1. Corporate Information
Palash Securities Limited (the Company) was incorporated on 23rd March, 2015 as a Subsidiary Company of The Oudh Sugar Mills Limited (OSML). With the objective of business realignment of OSML and Upper Ganges Sugar & Industries Limited (UGSIL), a composite scheme of arrangement had been filed with the Hon’ble High Court of Allahabad to transfer the Food Processing and Investment business undertaking of OSML to the Company and thereafter to transfer the Food Processing business undertaking of the Company to Allahabad Canning Limited (ACL) from the appointed date i.e. 1st April, 2015, which has been approved by the National Company Law Tribunal.
The main object of the Company is to invest, deal etc. in securities mainly of group companies and in immovable properties. The Company acts as a Core Investment Company (CIC) as per RBI guidelines.
2. Basis of Preparation
The financial statements of the Company have been prepared in accordance with generally accepted accounting principles in India (Indian GAAP). The Company has prepared the financial statements to comply in all material respects with the Accounting Standards notified under Section 133 of the Companies Act, 2013, read together with paragraph 7 of the Companies (Accounts) Rules, 2014 and the Companies (Accounting Standards) Amendment Rules, 2016 under the historical cost convention except for impact of Scheme of Arrangement taken at fair value as detailed in Note 2(ii) below and on an accrual basis.
The accounting policies adopted in the preparation of financial statements are consistent with those of previous year except for the change in accounting policies explained below.
3. Scheme of Arrangement
a) As per the Composite Scheme of Arrangement (“the scheme”) approved by the National Company Law Tribunal, all the assets and liabilities of the food processing and investment business undertakings of OSML had been transferred to and vested in the Company at their respective book values and thereafter the food processing business undertaking of the Company present in the state of Uttar Pradesh had been transferred to and vested in ACL at their respective book values as on 1st April, 2015 on a going concern basis from appointed date i.e. 1st April, 2015.
As per the scheme, appointed date as approved by the National Company Law Tribunal was 1st April, 2015 and effective date is 23rd March, 2017 being the date on which the certified copy of the order sanctioning the said scheme was filed with the Registrar of Companies, Kanpur, Uttar Pradesh and Uttarakhand in accordance with the Companies Act, 1956 and applicable provisions of Companies Act, 2013. Accordingly, all related adjustments thereof had been given effect to in the accounts during the previous financial year ended 31st March 2017.
b) Pursuant to the scheme above, in the previous financial year, the Company had issued 1,00,03,102 fully paid up equity shares of Rs.10 each to the shareholders of OSML as per Record date 23.03.2017, aggregating to Rs.1,000.31 lakhs, in the ratio of 27 equity shares of the face value of Rs.10 each of the Company for every 70 equity shares of the face value of Rs.10 each held in OSML.
Further, the Company had issued 13,00,000 fully paid up 8.5% Non-Convertible Cumulative Redeemable Preference Shares of Rs.10 each to the preference shareholders of OSML, aggregating to Rs.130 lakhs on the same terms and conditions.

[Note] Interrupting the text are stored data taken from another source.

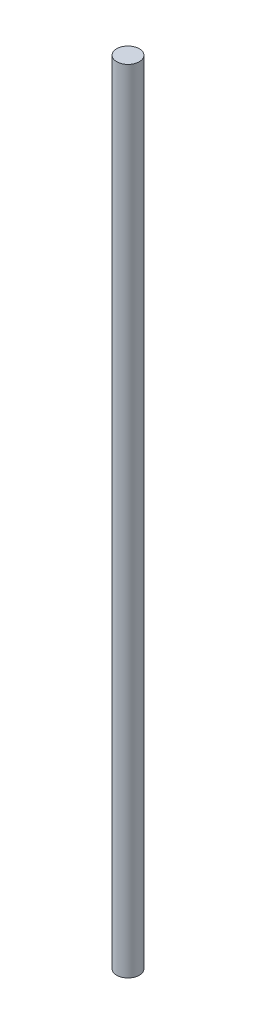
SolidWorks part; units mm, degrees
ref_plane "Front Plane" through (0, 0, 0) normal (0, 0, 1) x (1, 0, 0)
ref_plane "Top Plane" through (0, 0, 0) normal (0, 1, 0) x (1, 0, 0)
ref_plane "Right Plane" through (0, 0, 0) normal (1, 0, 0) x (0, 0, -1)
sketch "Sketch2" plane through (0, 0, 0) normal (0, 1, 0) x (1, 0, 0)
  circle A0 centre (0, 0) radius 4
  dimension "D1" = 8
extrude "Boss-Extrude1" add sketch "Sketch2" along normal blind 280.6
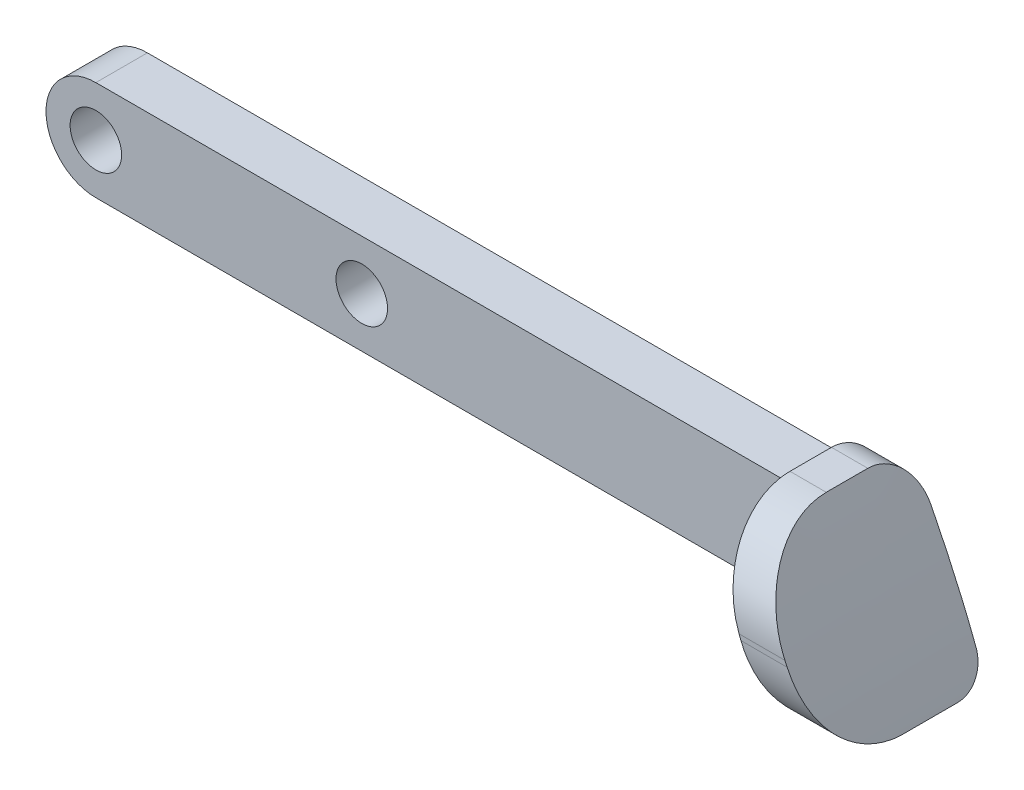
SolidWorks part; units mm, degrees
ref_plane "前视基准面" through (0, 0, 0) normal (0, 0, 1) x (1, 0, 0)
ref_plane "上视基准面" through (0, 0, 0) normal (0, 1, 0) x (1, 0, 0)
ref_plane "右视基准面" through (0, 0, 0) normal (1, 0, 0) x (0, 0, -1)
other "Configuration Table"
sketch "草图1" plane through (0, 0, 0) normal (0, 0, 1) x (1, 0, 0)
  line L0 (0, 0) -> (16, 0) construction
  line L1 (0, 3) -> (50, 3)
  line L2 (0, -3) -> (50, -3)
  line L3 (50, 3) -> (50, -3)
  circle A0 centre (0, 0) radius 1.55
  circle A1 centre (16, 0) radius 1.55
  arc A2 (0, 3) -> (0, -3) centre (0, 0) ccw
  dimension "D1" = 3
  dimension "D2" = 3.1
  dimension "D4" = 50
  dimension "D5" = 6
  dimension "D7" = 50
  dimension "D6" = 3.1
  dimension "D3" = 16
extrude "凸台-拉伸1" add sketch "草图1" along normal blind 3.1
sketch "草图3" plane through (0, 0, 0) normal (0, 0, -1) x (-1, 0, 0)
  line L0 (-44.9354, 4.0172) -> (-56.2342, 4.0172)
  line L1 (-56.2342, 4.0172) -> (-56.2342, -3.4932)
  line L2 (-56.2342, -3.4932) -> (-47.4852, -3.4932)
  spline S0 degree 2 poles (-44.9354, 4.0172) (-46.9905, 0.5176) (-47.4852, -3.4932) knots 0 0 0 1 1 1
extrude "切除-拉伸1" cut sketch "草图3" against normal blind 10
sketch "草图4" plane through (0, 0, 0) normal (0, 0, -1) x (-1, 0, 0)
  line L0 (-45.8446, 5.5252) -> (-43.6608, 5.5252)
  line L1 (-43.6608, 5.5252) -> (-47.6508, -4.7689)
  line L2 (-47.6508, -4.7689) -> (-50.4632, -4.7689)
  line L5 (0, 3) -> (-45.4942, 3) construction
  line L6 (0, -3) -> (-47.4182, -3) construction
  spline S0 degree 3 poles (-45.8446, 5.5252) (-47.6225, 2.2124) (-49.2891, -1.1892) (-50.4632, -4.7689) knots 0 0 0 0 1 1 1 1
  dimension "D3" = 11.2975
  dimension "D1" = 2.5252
  dimension "D2" = 1.7689
  dimension "D4" = 11.0403
  dimension "D5" = 0.2326
extrude "凸台-拉伸2" add sketch "草图4" against normal blind 10
fillet "圆角2" radius 5 2 edges at (49.057, -4.7689, 10) (44.7527, 5.5252, 10)
fillet "圆角3" radius 2.5 1 edges at (44.7527, 5.5252, 0)
fillet "圆角4" radius 1.7 1 edges at (49.057, -4.7689, 0)
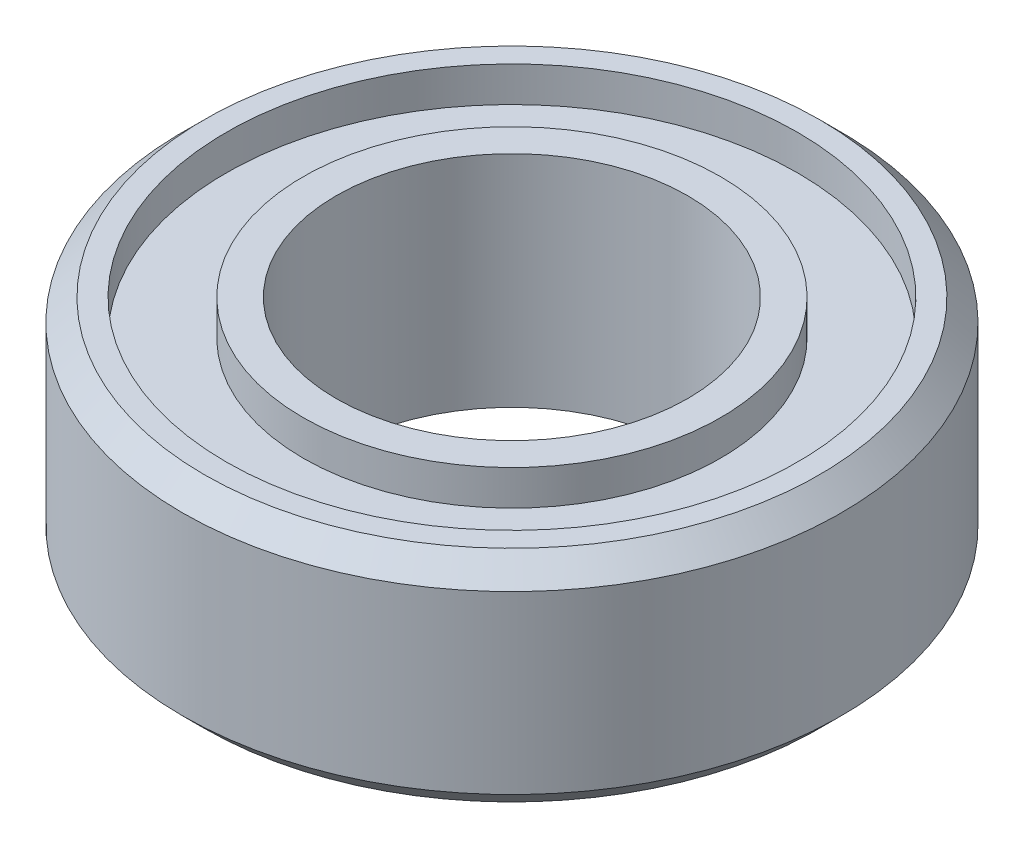
SolidWorks part; units mm, degrees
ref_plane "前视基准面" through (0, 0, 0) normal (0, 0, 1) x (1, 0, 0)
ref_plane "上视基准面" through (0, 0, 0) normal (0, 1, 0) x (1, 0, 0)
ref_plane "右视基准面" through (0, 0, 0) normal (1, 0, 0) x (0, 0, -1)
sketch "草图1" plane through (0, 0, 0) normal (0, 1, 0) x (1, 0, 0)
  circle A0 centre (0, 0) radius 7.5
  circle A1 centre (0, 0) radius 4
  dimension "D1" = 15
  dimension "D2" = 8
extrude "凸台-拉伸1" add sketch "草图1" along normal blind 5
chamfer "倒角1" distance 0.5 angle 45 1 edges at (0, 5, 7.5)
chamfer "倒角2" distance 0.5 angle 45 1 edges at (0, 0, 7.5)
sketch "草图2" plane through (0, 5, 0) normal (0, 1, 0) x (1, 0, 0)
  circle A0 centre (0, 0) radius 4.75
  circle A1 centre (0, 0) radius 6.5
  dimension "D1" = 9.5
  dimension "D2" = 13
extrude "切除-拉伸1" cut sketch "草图2" against normal blind 0.8
sketch "草图3" plane through (0, 0, 0) normal (0, -1, 0) x (1, 0, 0)
  circle A1 centre (0, 0) radius 6.5
  circle A2 centre (0, 0) radius 6.5
  circle A3 centre (0, 0) radius 4.75
  circle A4 centre (0, 0) radius 4.75
  dimension "D1" = 0
  dimension "D2" = 0
extrude "切除-拉伸2" cut sketch "草图3" against normal blind 0.8
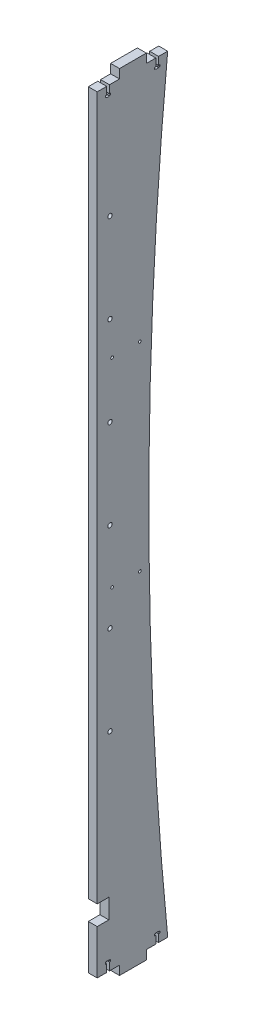
SolidWorks part; units mm, degrees
ref_plane "Płaszczyzna przednia" through (0, 0, 0) normal (0, 0, 1) x (1, 0, 0)
ref_plane "Płaszczyzna górna" through (0, 0, 0) normal (0, 1, 0) x (1, 0, 0)
ref_plane "Płaszczyzna prawa" through (0, 0, 0) normal (1, 0, 0) x (0, 0, -1)
ref_plane "Płaszczyzna2" through (248.5228, 0, 0) normal (-1, 0, 0) x (0, 0, 1)
sketch "Szkic11" plane through (248.5228, 0, 0) normal (-1, 0, 0) x (0, 0, 1)
  line L0 (-79.0014, 0) -> (0, 0)
  line L1 (0, 880) -> (-78.9552, 880)
  line L2 (-78.9552, 870) -> (-78.9552, 880)
  line L4 (-79.0014, 10) -> (-79.0014, 0)
  line L13 (0, 0) -> (0, 880)
  arc A2 (-79.0014, 10) -> (-78.9552, 870) centre (-4437.8003, 440.2341) ccw
extrude "Dodanie-wyciągnięcie1" add sketch "Szkic11" along normal blind 10
sketch "Szkic1" plane through (248.5228, 0, 0) normal (1, 0, 0) x (0, 0, -1)
  line L0 (85, 880) -> (85, 869.9)
  line L1 (85, 880) -> (55, 880)
  line L2 (85, 869.9) -> (55, 869.9)
  line L3 (55, 880) -> (55, 869.9)
  line L5 (25, 880) -> (25, 869.9)
  line L6 (25, 880) -> (0, 880)
  line L7 (25, 869.9) -> (0, 869.9)
  line L8 (0, 880) -> (0, 869.9)
  line L9 (0, 880) -> (78.9552, 880) construction
  dimension "D1" = 25
  dimension "D2" = 30
  dimension "D3" = 30
  dimension "D4" = 10.1
  dimension "D5" = 10.1
  dimension "D6" = 0
extrude "Wytnij-wyciągnięcie1" cut sketch "Szkic1" against normal blind 10
sketch "Szkic2" plane through (248.5228, 0, 0) normal (1, 0, 0) x (0, 0, -1)
  line L0 (10.6609, 869.9) -> (13.7609, 869.9)
  line L1 (10.6609, 869.9) -> (10.6609, 861.4)
  line L2 (13.7609, 869.9) -> (13.7609, 861.4)
  line L3 (10.6609, 858.9) -> (13.7609, 858.9)
  line L5 (9.2859, 859.4) -> (10.6609, 859.4)
  line L6 (9.2859, 859.4) -> (9.2859, 861.4)
  line L7 (15.1359, 859.4) -> (15.1359, 861.4)
  line L8 (9.2859, 861.4) -> (10.6609, 861.4)
  line L9 (13.7609, 859.4) -> (15.1359, 859.4)
  line L10 (10.6609, 859.4) -> (10.6609, 858.9)
  line L11 (13.7609, 859.4) -> (13.7609, 858.9)
  line L12 (13.7609, 861.4) -> (15.1359, 861.4)
  line L13 (0, 869.9) -> (25, 869.9) construction
  dimension "D1" = 11
  dimension "D2" = 5.85
  dimension "D3" = 3.1
  dimension "D4" = 1.375
  dimension "D5" = 2
  dimension "D6" = 0.5
  dimension "D7" = 0
extrude "Wytnij-wyciągnięcie2" cut sketch "Szkic2" against normal blind 10
pattern_linear "Szyk liniowy1" count 2 spacing 55 along (0, 0, -1) of "Wytnij-wyciągnięcie2"
ref_plane "Płaszczyzna1" through (0, 440, 0) normal (0, 1, 0) x (1, 0, 0)
sketch "Szkic7" plane through (248.5228, 0, 0) normal (1, 0, 0) x (0, 0, -1)
  circle A0 centre (14.3107, 742.237) radius 2.45 construction
  circle A1 centre (14.3107, 742.237) radius 2.45
extrude "Wytnij-wyciągnięcie5" cut sketch "Szkic7" against normal blind 10
pattern_linear "Szyk liniowy3" count 6 spacing 100 along (0, -1, 0) of "Wytnij-wyciągnięcie5"
sketch "Szkic8" plane through (248.5228, 0, 0) normal (1, 0, 0) x (0, 0, -1)
  line L0 (0, 82) -> (0, 60)
  line L6 (13, 82) -> (0, 82)
  line L11 (13, 60) -> (13, 82)
  line L12 (0, 60) -> (13, 60)
extrude "Wytnij-wyciągnięcie6" cut sketch "Szkic8" against normal blind 10
mirror "Lustro1" about plane through (0, 440, 0) normal (0, 1, 0) of "Szyk liniowy1", "Wytnij-wyciągnięcie2", "Wytnij-wyciągnięcie1"
sketch "Szkic12" plane through (238.5228, 0, 0) normal (-1, 0, 0) x (0, 0, 1)
  circle A0 centre (-47.7, 380.737) radius 1.55 construction
  circle A1 centre (-16.7, 380.737) radius 1.55 construction
  circle A2 centre (-47.7, 380.737) radius 1.55
  circle A3 centre (-16.7, 380.737) radius 1.55
extrude "Wytnij-wyciągnięcie7" cut sketch "Szkic12" against normal blind 10
pattern_linear "Szyk liniowy4" count 2 spacing 223 along (0, 1, 0) of "Wytnij-wyciągnięcie7"
equation "\"tolerancja_wpusy\"=0.2"
equation "\"dlugosc_wpustu_duzy\"=20"
equation "\"srednica_otworu_M3\"=3.1"
equation "\"szerokosc_nogi_T\"=3.1"
equation "\"dlugosc_T_30\"=11"
equation "\"grubosc_na_nakretke_kwadrat\"=2"
equation "\"szerokosc_na_nakretke_kwadrat\"=5.85"
equation "\"wyokosc_nadstawki_T\"=0.5"
equation "\"D1@Szkic2\"=\"dlugosc_T_30\""
equation "\"D2@Szkic2\"=\"szerokosc_na_nakretke_kwadrat\""
equation "\"D3@Szkic2\"=\"szerokosc_nogi_T\""
equation "\"D4@Szkic2\"=(\"szerokosc_na_nakretke_kwadrat\"-\"szerokosc_nogi_T\")/2"
equation "\"D5@Szkic2\"=\"grubosc_na_nakretke_kwadrat\""
equation "\"D6@Szkic2\"=\"wyokosc_nadstawki_T\""
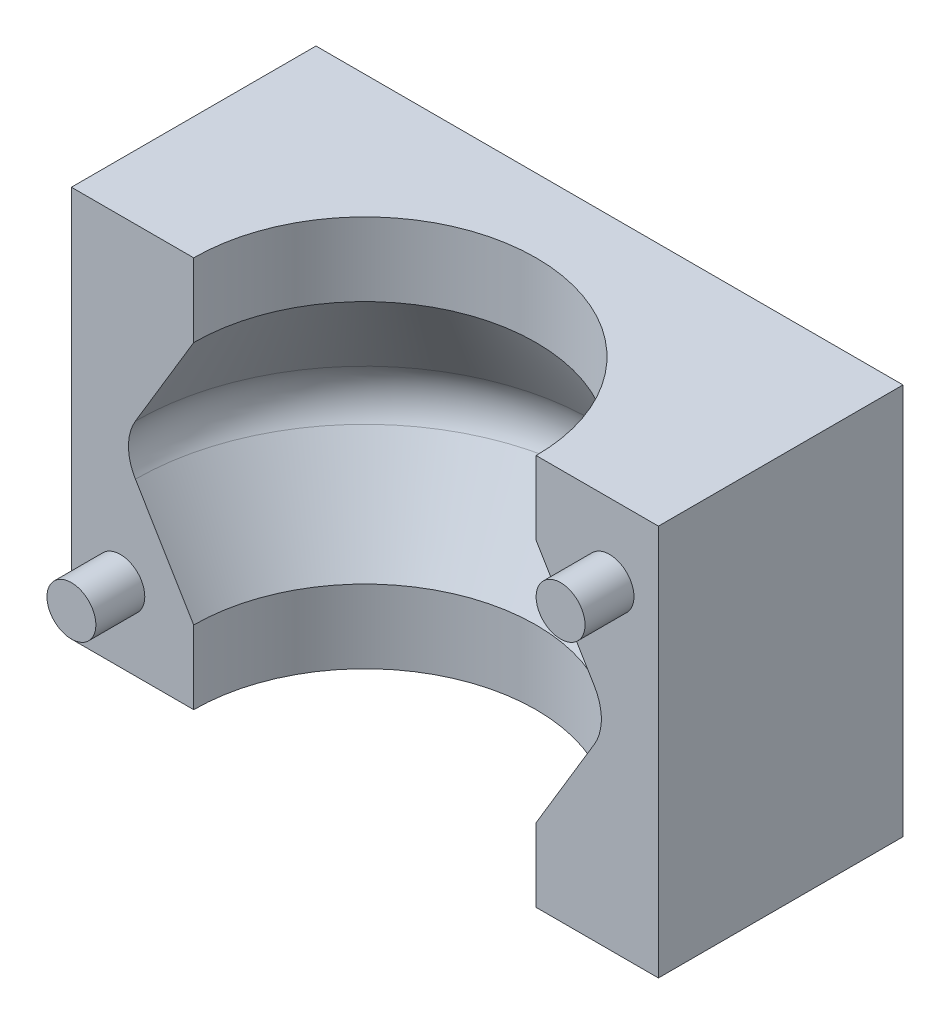
SolidWorks part; units mm, degrees
ref_plane "Front Plane" through (0, 0, 0) normal (0, 0, 1) x (1, 0, 0)
ref_plane "Top Plane" through (0, 0, 0) normal (0, 1, 0) x (1, 0, 0)
ref_plane "Right Plane" through (0, 0, 0) normal (1, 0, 0) x (0, 0, -1)
sketch "Sketch1" plane through (0, 0, 0) normal (0, 0, 1) x (1, 0, 0)
  line L1 (60, -40) -> (-60, -40)
  line L2 (60, -40) -> (60, 40)
  line L3 (60, 40) -> (-60, 40)
  line L4 (-60, -40) -> (-60, 40)
  line L5 (60, -40) -> (-60, 40) construction
  line L6 (60, 40) -> (-60, -40) construction
  point P0 (0, 0)
  dimension "D1" = 120
  dimension "D2" = 80
extrude "Boss-Extrude1" add sketch "Sketch1" along normal blind 50
sketch "Sketch2" plane through (0, 0, 50) normal (0, 0, 1) x (1, 0, 0)
  line L0 (0, 43.9271) -> (0, -46.1107) construction
  line L1 (-67.3036, 0) -> (76.5514, 0) construction
  line L2 (-35, 40) -> (-35, 25)
  line L3 (60, 40) -> (-60, 40) construction
  line L4 (-35, 25) -> (-46.913, 5.145)
  line L5 (-35, -25) -> (-46.913, -5.145)
  line L6 (-35, -40) -> (-35, -25)
  line L7 (-35, -40) -> (0, -40)
  line L8 (-60, -40) -> (60, -40) construction
  line L9 (-35, 40) -> (0, 40)
  line L10 (0, -40) -> (0, 40)
  arc A0 (-46.913, 5.145) -> (-46.913, -5.145) centre (-38.3381, 0) ccw
  point P18 (-50, 0)
  dimension "D4" = 10
  dimension "D1" = 35
  dimension "D2" = 50
  dimension "D3" = 15
sketch "Sketch3" plane through (0, 0, 50) normal (0, 0, 1) x (1, 0, 0)
  line L0 (0, 43.1565) -> (0, -38.2757) construction
  line L1 (-69.1018, 0) -> (69.2302, 0) construction
  circle A0 centre (50, 25) radius 5
  circle A2 centre (-50, -25) radius 5
  dimension "D1" = 10
  dimension "D2" = 25
  dimension "D3" = 50
extrude "Boss-Extrude2" add sketch "Sketch3" along normal blind 10
revolve "Cut-Revolve2" cut sketch "Sketch2" angle 360 about L0
sketch "Sketch4" plane through (0, 40, 0) normal (0, 1, 0) x (1, 0, 0)
  line L0 (0, 11.6357) -> (0, -56.9523) construction
  line L1 (-5.1, -13.1513) -> (-5.1, -15.3736)
  line L2 (5.1, -13.1513) -> (5.1, -15.3736)
  arc A0 (35, -50) -> (-35, -50) centre (0, -50) ccw construction
  arc A1 (5.1, -15.3736) -> (-5.1, -15.3736) centre (0, -50) ccw
  arc A2 (5.1, -13.1513) -> (-5.1, -13.1513) centre (0, -50) ccw
  arc A4 (37.2, -50) -> (-37.2, -50) centre (0, -50) ccw construction
  arc A5 (35, -50) -> (-35, -50) centre (0, -50) ccw construction
  dimension "D2" = 5.1
  dimension "D1" = 2.2
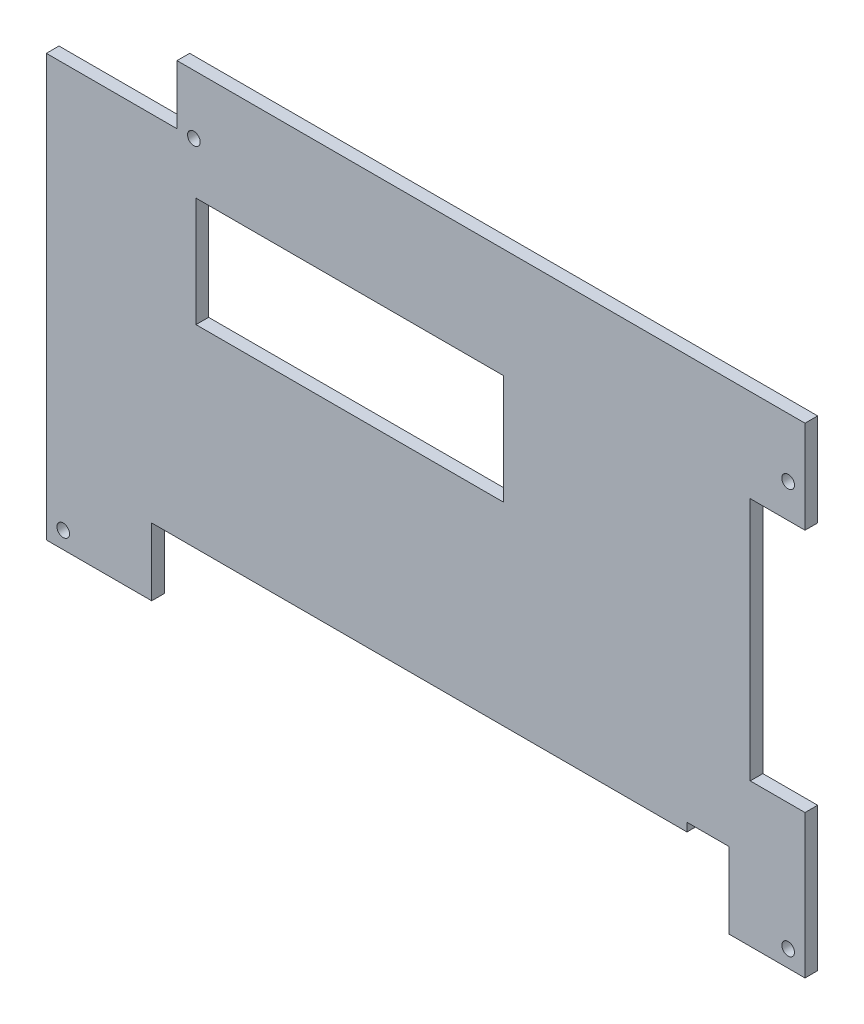
SolidWorks part; units mm, degrees
ref_plane "Front Plane" through (0, 0, 0) normal (0, 0, 1) x (1, 0, 0)
ref_plane "Top Plane" through (0, 0, 0) normal (0, 1, 0) x (1, 0, 0)
ref_plane "Right Plane" through (0, 0, 0) normal (1, 0, 0) x (0, 0, -1)
sketch "Sketch1" plane through (0, 0, 0) normal (0, 0, 1) x (1, 0, 0)
  line L0 (-40, -91) -> (-15, -91)
  line L1 (140, -91) -> (-40, -91) construction
  line L2 (-15, -91) -> (-15, -75)
  line L3 (-15, -75) -> (112, -75)
  line L4 (112, -75) -> (112, -73)
  line L5 (112, -73) -> (122, -73)
  line L6 (122, -73) -> (122, -91)
  line L7 (122, -91) -> (140, -91)
  line L8 (140, -91) -> (140, -57)
  line L9 (140, 39) -> (140, -91) construction
  line L10 (140, -57) -> (127, -57)
  line L11 (127, -57) -> (127, 1)
  line L12 (127, 1) -> (140, 1)
  line L13 (140, 1) -> (140, 23)
  line L14 (140, 23) -> (-9, 23)
  line L17 (-40, 9) -> (-40, -91)
  line L19 (-15, -75) -> (-4.5, -75) construction
  line L20 (-15, -75) -> (-15, -29) construction
  line L21 (-15, -29) -> (-4.5, -29) construction
  line L22 (-4.5, -75) -> (-4.5, -29) construction
  line L23 (-4.5, -29) -> (68.5, -29)
  line L24 (-4.5, -29) -> (-4.5, -3)
  line L25 (-4.5, -3) -> (68.5, -3)
  line L26 (68.5, -29) -> (68.5, -3)
  line L29 (-40, 9) -> (-9, 9)
  line L30 (-9, 23) -> (-9, 9)
  circle A0 centre (-5, 9) radius 1.5
  circle A1 centre (136, 9) radius 1.5
  circle A2 centre (136, -87) radius 1.5
  circle A3 centre (-36, -87) radius 1.5
  dimension "D1" = 3
  dimension "D2" = 3
  dimension "D3" = 3
  dimension "D4" = 3
  dimension "D5" = 25
  dimension "D6" = 16
  dimension "D7" = 127
  dimension "D8" = 2
  dimension "D9" = 10
  dimension "D10" = 18
  dimension "D11" = 18
  dimension "D12" = 34
  dimension "D13" = 13
  dimension "D14" = 58
  dimension "D15" = 22
  dimension "D17" = 46
  dimension "D18" = 10.5
  dimension "D19" = 26
  dimension "D20" = 73
extrude "Boss-Extrude1" add sketch "Sketch1" against normal blind 3

Further the Company had received 1,09,34,588 fully paid up equity shares of Rs.10 each from ACL, aggregating to Rs.1,093.46 lakhs, as consideration for the transfer of food processing business undertaking. The aforesaid shares of ACL have been shown as Non-current Investment in the Balance Sheet.
Terms / rights attached to Equity Shares
The Company has only one class of equity shares having a par value of Rs.10 per share. Each holder of equity shares is entitled to one vote per share.
In the event of liquidation of the Company, the holders of equity shares will be entitled to receive remaining assets of the Company, after distribution of all preferential amounts. The distribution to equity shareholders will be in proportion to the amount paid on the shares held by them.
Terms of redemption of Preference Shares of Rs. 10 each
The Non-Convertible Cumulative Redeemable Preference Shares (NCCRPS) of Rs.10 each carries dividend @ 8.50% per annum.
NCCRPS shall be redeemable at par on 2nd August, 2023 being twelve years and one day from the date of the original allotment i.e. 1st August, 2011 with a right vested to the Board of Directors to redeem it earlier, subject to consent of the lender.
The Dividend is payable at the time of redemption of the NCCRPS. However, the Board reserves the right to pay dividend earlier subject to the availability of the profit.
4. Previous year’s figures including those given in brackets have been regrouped / rearranged wherever necessary.